**EXERCISE**
Everything from the line containing "MCU_PE2:QSPI_D2: U201.1, U501.9" through the line containing "unnamed: C218.2, R204.2, U201.6" in the listing below should be copied exactly, and nothing more.

**MATERIAL TO PROCESS**
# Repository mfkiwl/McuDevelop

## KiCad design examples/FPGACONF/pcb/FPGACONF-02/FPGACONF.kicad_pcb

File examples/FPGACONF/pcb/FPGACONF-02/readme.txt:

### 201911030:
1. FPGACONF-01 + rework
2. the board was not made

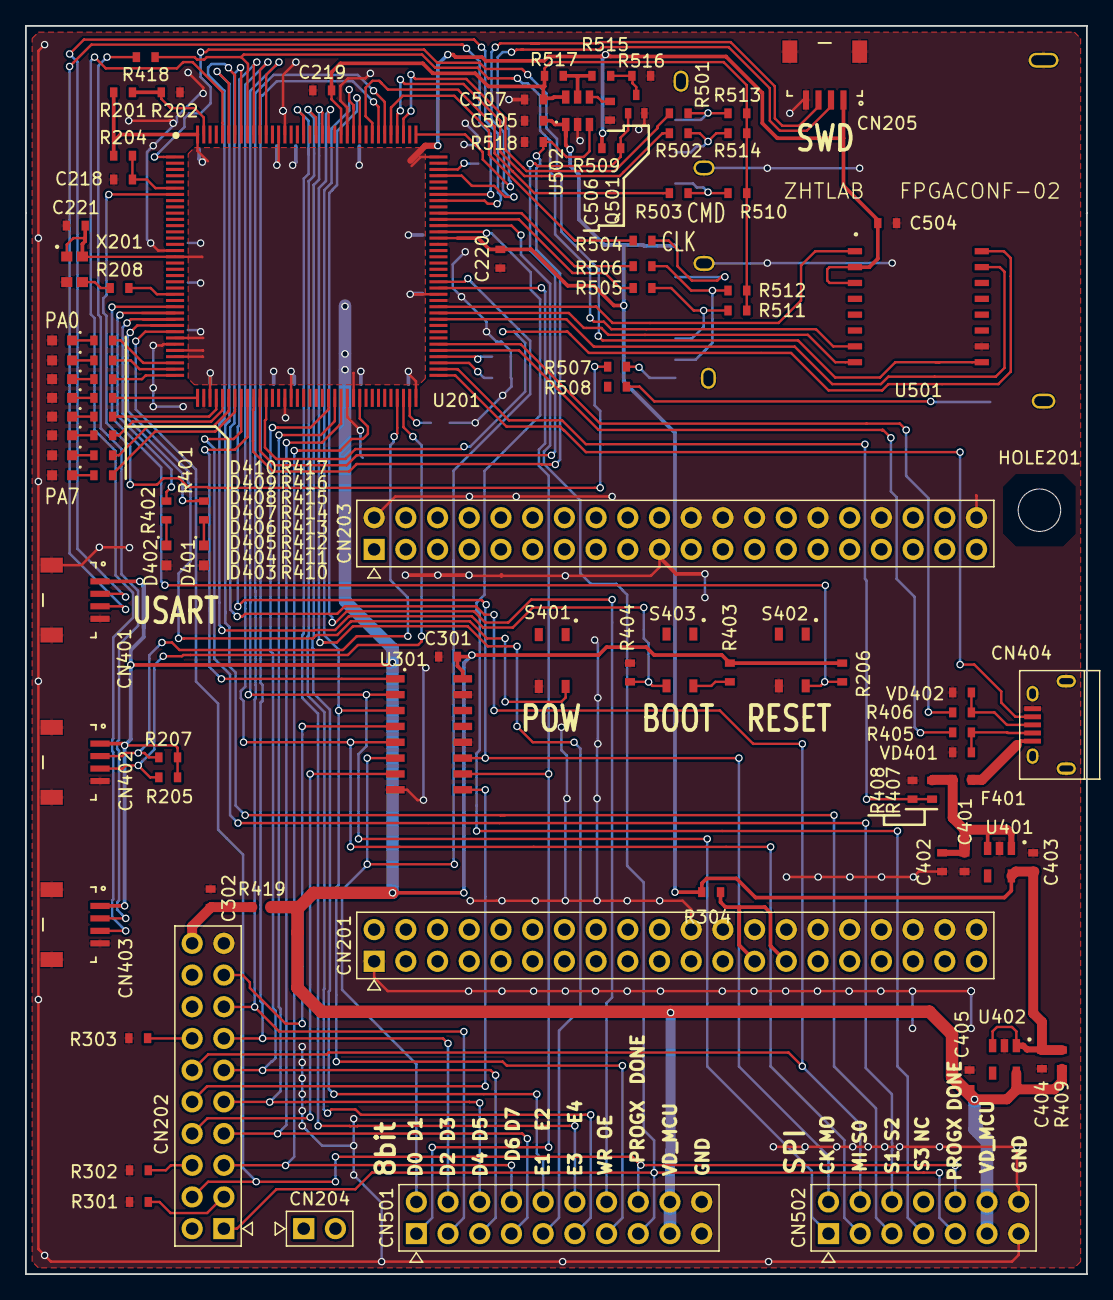
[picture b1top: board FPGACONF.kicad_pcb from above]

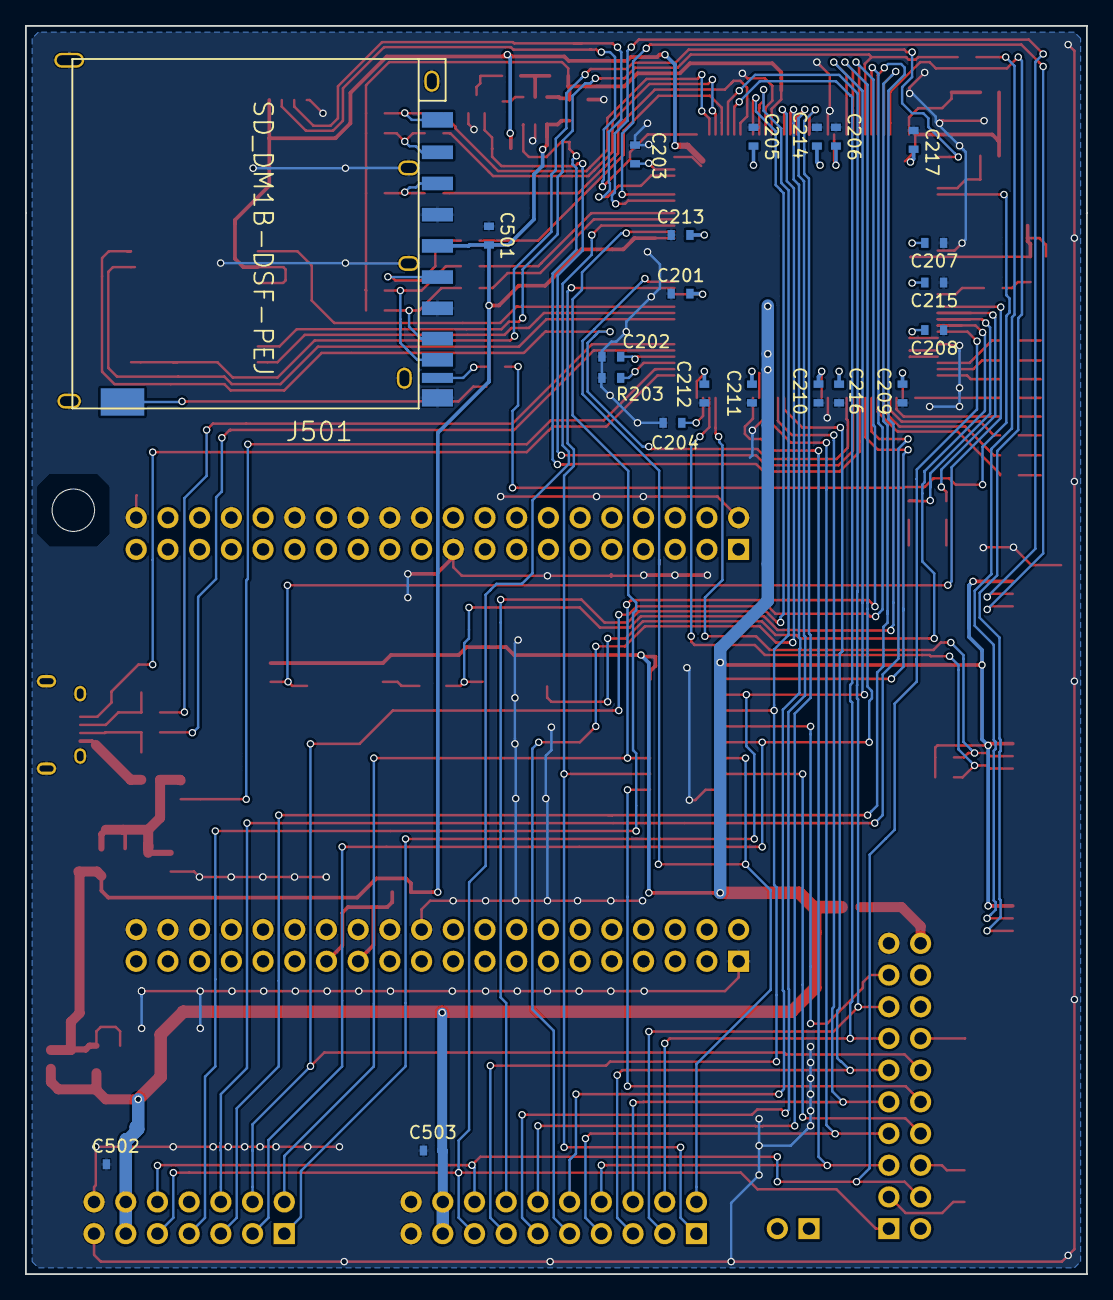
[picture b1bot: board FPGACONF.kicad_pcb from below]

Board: 2 copper layers, 85.0 x 100.0 mm, 121 parts (22 on the bottom side), 110 nets.

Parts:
C201, C205, C206, C207, C208, C209, C210, C211, C212, C217, C218, C219, C220, C221, C301, C504: 0.1u; RCL_1608m
C202, C203, C204, C302, C501, C502, C503, C507: 2.2u; RCL_1608m
C213, C214, C215, C216, C401: 10u; RCL_1608m
C402, C403, C404, C405, C505: 1u; RCL_1608m
C506: 0.01u; RCL_1608m
CN201, CN203: CN_20x2_D1.0mm_P2.54mm_TH
CN202, CN501: CN_10x2_D1.0mm_P2.54mm_TH
CN204: CN_02x1_D1.0mm_P2.54mm_TH; CN_01x2_D1.0mm_P2.54mm_TH
CN205, CN401, CN402, CN403: JST_SM04B-SRSS-TB; JST_SH_SM04B-SRSS-TB_04x1.00mm_Angled
CN404: ZX62D-B-5PA8(30); USB-uB_ZX62D-B-5PA8-30
CN502: CN_07x2_D1.0mm_P2.54mm_TH
D401, D403, D404, D405, D406, D407, D408, D409, D410: SML-E12V8TT86; LED_1608M_Rohm
D402: SML-E13BC8TT86; LED_1608M_Rohm
F401: MFU0603FF03150P500; RCL_1608m
HOLE201: HOLE_01x1_D3.4mm_P0.00mm_NTH; Hole_01x1_D3.4mm_P0.00mm_NTH
J501: SD_DM1B-DSF-PEJ
Q501: RU1C001UN; SC-85_2.0x2.0mm
R201, R205, R206, R207, R401, R402, R403, R410, R411, R412, R413, R414, R415, R416, R417, R510, R511, R512, R513, R514: 4.7k; RCL_1608m
R202, R404, R407, R509, R518: 100k; RCL_1608m
R203: 3.0k; RCL_1608m
R204, R208, R301, R302, R303, R304, R409, R419: 0; RCL_1608m
R405, R406, R418, R501, R502, R503, R504, R505, R506, R507, R508: 22; RCL_1608m
R408: 150k; RCL_1608m
R515: 7.5k; RCL_1608m
R516: 20k; RCL_1608m
R517: 13k; RCL_1608m
S401, S402, S403: SKRPABE010; Alps_SKRPABE010
U201: STM32F730Z8T; TQFP-144_20x20mm_Pitch0.5mm
U301: SN74CBTLV3257D; SOIC-16_3.9x10.0mm_Pitch1.27mm
U401: LP5907MFX-3.3/NOPB; SOT-23-5_2.7x2.9mm_Pitch0.95mm
U402: LP5907MFX-1.8/NOPB; SOT-23-5_2.7x2.9mm_Pitch0.95mm
U501: MT25QL01GBBB8ESF-0SIT; SOIC-16_10.3x10.3mm_Pitch1.27mm
U502: TPS73001DBVR; SOT-23-6_2.7x2.9mm_Pitch0.95mm
VD401, VD402: AVRL161A3R3FTA; RCL_1608m
X201: ASVTX-12-A-40.000MHZ-H10-T; SMD004_abracon_2.5x2.0mm

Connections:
FPGA_CCLK_SCK: CN202.17, U301.4
FPGA_D0_MOSI: CN202.10, U301.9
FPGA_D1_MISO: CN202.8, U301.7
MCU_BOOT: R404.2, S403.4, U201.138
MCU_PA0:LED0: R417.2, U201.34
MCU_PA1:LED1: R416.2, U201.35
MCU_PA2:LED2: R415.2, U201.36
MCU_PA3:LED3: R414.2, U201.37
MCU_PA4:LED4: R413.2, U201.40
MCU_PA5:LED5: R412.2, U201.41
MCU_PA6:LED6: R411.2, U201.42
MCU_PA7:LED7: R410.2, U201.43
MCU_PA9:UART_TXD: CN401.2, U201.101
MCU_PA10:UART_RXD: CN401.3, U201.102
MCU_PA13:SWDIO: CN205.3, U201.105
MCU_PA14:SWCLK: CN205.2, U201.109
MCU_PB0:SDMMC1_PWREN: R518.2, U201.46, U502.3
MCU_PB1:SDMMC1_VSEL33: Q501.1, R509.1, U201.47
MCU_PB2:QSPI_CLK: U201.48, U501.16
MCU_PB3:SPI1_SCK: CN502.1, U201.133, U301.2
MCU_PB4:SPI1_MISO: CN502.3, U201.134, U301.5
MCU_PB5:SPI1_MOSI: CN502.2, U201.135, U301.11
MCU_PB6:I2CS_SCL_QSPI_CSX: R418.2, U201.136, U501.7
MCU_PB7:SPI1_CS0X: CN202.12, CN502.4, U201.137
MCU_PB8:SPI1_CS1X: CN502.5, U201.139
MCU_PB9:I2CS_SDA: CN403.3, U201.140
MCU_PB10:I2CM_SCL: CN402.2, R207.1, U201.69
MCU_PB11:I2CM_SDA: CN402.3, R205.1, U201.70
MCU_PB12:USB_ID: CN404.4, U201.73
MCU_PB13:USB_VBUS_EN: R407.2, R408.2, U201.74
MCU_PB14:USB_DN: R405.2, U201.77
MCU_PB15:USB_DP: R406.2, U201.78
MCU_PC0:LED_BLUE: R402.2, U201.26
MCU_PC1:LED_RED: R401.2, U201.27
MCU_PC2:POWER_SW_X: S401.2, U201.28
MCU_PC3:FPGA_DONE: CN202.4, CN501.16, CN502.10, U201.29
MCU_PC4:SPI1_CS2X: CN502.6, U201.44
MCU_PC5:CONF_SEL: U201.45, U301.1
MCU_PC6:SPI1_CS3X: CN502.7, U201.96
MCU_PC7:FPGA_PROGX: CN202.1, CN501.15, CN502.9, U201.97
MCU_PC8:SDMMC1_D0: R505.1, U201.98
MCU_PC9:SDMMC1_D1: R506.1, U201.99
MCU_PC10:SDMMC1_D2: R501.1, U201.111
MCU_PC11:SDMMC1_D3: R502.1, U201.112
MCU_PC12:SDMMC1_CLK: R504.1, U201.113
MCU_PC13:SDMMC1_CDET_X: R507.1, U201.7
MCU_PD0:FMC_D2: CN202.15, CN501.3, U201.114
MCU_PD1:FMC_D3: CN202.13, CN501.4, U201.115
MCU_PD2:SDMMC1_CMD: R503.1, U201.116
MCU_PD4:FMC_NOE: CN501.14, U201.118
MCU_PD5:FMC_NWE: CN501.13, U201.119, U301.3
MCU_PD7:FMC_NE1: CN501.9, U201.123
MCU_PD11:QSPI_D0: U201.82, U501.15
MCU_PD12:QSPI_D1: U201.83, U501.8
MCU_PD13:QSPI_D3: U201.84, U501.1
MCU_PD14:FMC_D0: CN501.1, U201.87, U301.10
MCU_PD15:FMC_D1: CN501.2, U201.88, U301.6
MCU_PE2:QSPI_D2: U201.1, U501.9
MCU_PE7:FMC_D4: CN202.11, CN501.5, U201.58
MCU_PE8:FMC_D5: CN202.9, CN501.6, U201.59
MCU_PE9:FMC_D6: CN202.7, CN501.7, U201.60
MCU_PE10:FMC_D7: CN202.5, CN501.8, U201.63
MCU_PG9:FMC_NE2: CN501.10, U201.124
MCU_PG10:FMC_NE3: CN501.11, U201.125
MCU_PG12:FMC_NE4: CN501.12, U201.127
MCU_RESET_SW_X: R206.1, S402.2, U201.25
unnamed: C202.2, U201.76
unnamed: C203.2, U201.106
unnamed: C204.2, U201.71
unnamed: C218.2, R204.2, U201.6
unnamed: C506.2, U502.4
unnamed: CN201.25, CN201.27, R304.1
unnamed: CN202.3, R301.2
unnamed: CN202.6, R302.1
unnamed: CN202.14, R303.1
unnamed: CN403.2, R418.1
unnamed: CN404.1, F401.1
unnamed: CN404.2, R405.1, VD401.1
unnamed: CN404.3, R406.1, VD402.1
unnamed: D401.1, R401.1
unnamed: D402.1, R402.1
unnamed: D403.1, R410.1
unnamed: D404.1, R411.1
unnamed: D405.1, R412.1
unnamed: D406.1, R413.1
unnamed: D407.1, R414.1
unnamed: D408.1, R415.1
unnamed: D409.1, R416.1
unnamed: D410.1, R417.1
unnamed: J501.1, R502.2, R514.1
unnamed: J501.2, R503.2, R510.1
unnamed: J501.5, R504.2
unnamed: J501.7, R505.2, R511.1
unnamed: J501.8, R506.2, R512.1
unnamed: J501.9, R501.2, R513.1
unnamed: J501.10, R507.2
unnamed: J501.12, R508.2
unnamed: Q501.3, R515.1, R516.2
unnamed: R201.1, R202.2, U201.143
unnamed: R203.2, U201.75
unnamed: R208.1, X201.3
unnamed: R208.2, U201.23
unnamed: R403.1, S403.2
unnamed: R515.2, R517.1, U502.5
VD3P30: C220.2, C403.2, C404.2, C501.2, C505.2, J501.4, R304.2, R409.1, U201.95, U401.5, U402.1, U402.3, U502.1
VD5P00: C401.1, C402.2, F401.2, R407.1, U401.1, U401.3
VD_MCU: C201.2, C205.2, C206.2, C207.2, C208.2, C209.2, C210.2, C211.2, C212.2, C213.2, C214.2, C215.2, C216.2, C217.2, C221.2, C301.2, C405.2, C502.2, C503.2, C504.2, CN205.1, CN401.1, CN402.1, CN403.1, CN501.17, CN501.18, CN502.11, CN502.12, R201.2, R204.1, R205.2, R206.2, R207.2, R403.2, R409.2, R419.2, R509.2, U201.17, U201.30, U201.32, U201.33, U201.39, U201.52, U201.62, U201.72, U201.86, U201.108, U201.131, U201.144, U301.16, U402.5, U501.2, U501.3, X201.1, X201.4
VD_SDIO: C219.2, C507.2, R510.2, R511.2, R512.2, R513.2, R514.2, R517.2, U201.121, U502.6
VD_VCCIO8: C302.2, CN202.20, R419.1
~: C201.1, C202.1, C203.1, C204.1, C205.1, C206.1, C207.1, C208.1, C209.1, C210.1, C211.1, C212.1, C213.1, C214.1, C215.1, C216.1, C217.1, C218.1, C219.1, C220.1, C221.1, C301.1, C302.1, C401.2, C402.1, C403.1, C404.1, C405.1, C501.1, C502.1, C503.1, C504.1, C505.1, C506.1, C507.1, CN201.1, CN201.22, CN201.24, CN201.26, CN201.28, CN201.30, CN201.32, CN201.34, CN201.36, CN201.38, CN201.40, CN202.19, CN203.2, CN203.19, CN203.22, CN203.24, CN203.26, CN203.30, CN203.34, CN203.40, CN205.4, CN205.5, CN205.6, CN401.4, CN401.5, CN401.6, CN402.4, CN402.5, CN402.6, CN403.4, CN403.5, CN403.6, CN404.5, CN404.6, CN404.7, CN404.8, CN404.9, CN501.19, CN501.20, CN502.13, CN502.14, D401.2, D402.2, D403.2, D404.2, D405.2, D406.2, D407.2, D408.2, D409.2, D410.2, J501.3, J501.6, J501.11, J501.13, J501.14, J501.15, J501.16, J501.17, J501.18, Q501.2, R202.1, R203.1, R301.1, R302.2, R303.2, R404.1, R408.1, R516.1, R518.1, S401.4, S402.4, U201.16, U201.31, U201.38, U201.51, U201.61, U201.85, U201.94, U201.107, U201.120, U201.130, U301.8, U301.12, U301.15, U401.2, U402.2, U501.10, U502.2, VD401.2, VD402.2, X201.2

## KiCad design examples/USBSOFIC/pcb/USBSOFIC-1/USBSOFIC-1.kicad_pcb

**ANSWER SPACE**
MCU_PE2:QSPI_D2: U201.1, U501.9
MCU_PE7:FMC_D4: CN202.11, CN501.5, U201.58
MCU_PE8:FMC_D5: CN202.9, CN501.6, U201.59
MCU_PE9:FMC_D6: CN202.7, CN501.7, U201.60
MCU_PE10:FMC_D7: CN202.5, CN501.8, U201.63
MCU_PG9:FMC_NE2: CN501.10, U201.124
MCU_PG10:FMC_NE3: CN501.11, U201.125
MCU_PG12:FMC_NE4: CN501.12, U201.127
MCU_RESET_SW_X: R206.1, S402.2, U201.25
unnamed: C202.2, U201.76
unnamed: C203.2, U201.106
unnamed: C204.2, U201.71
unnamed: C218.2, R204.2, U201.6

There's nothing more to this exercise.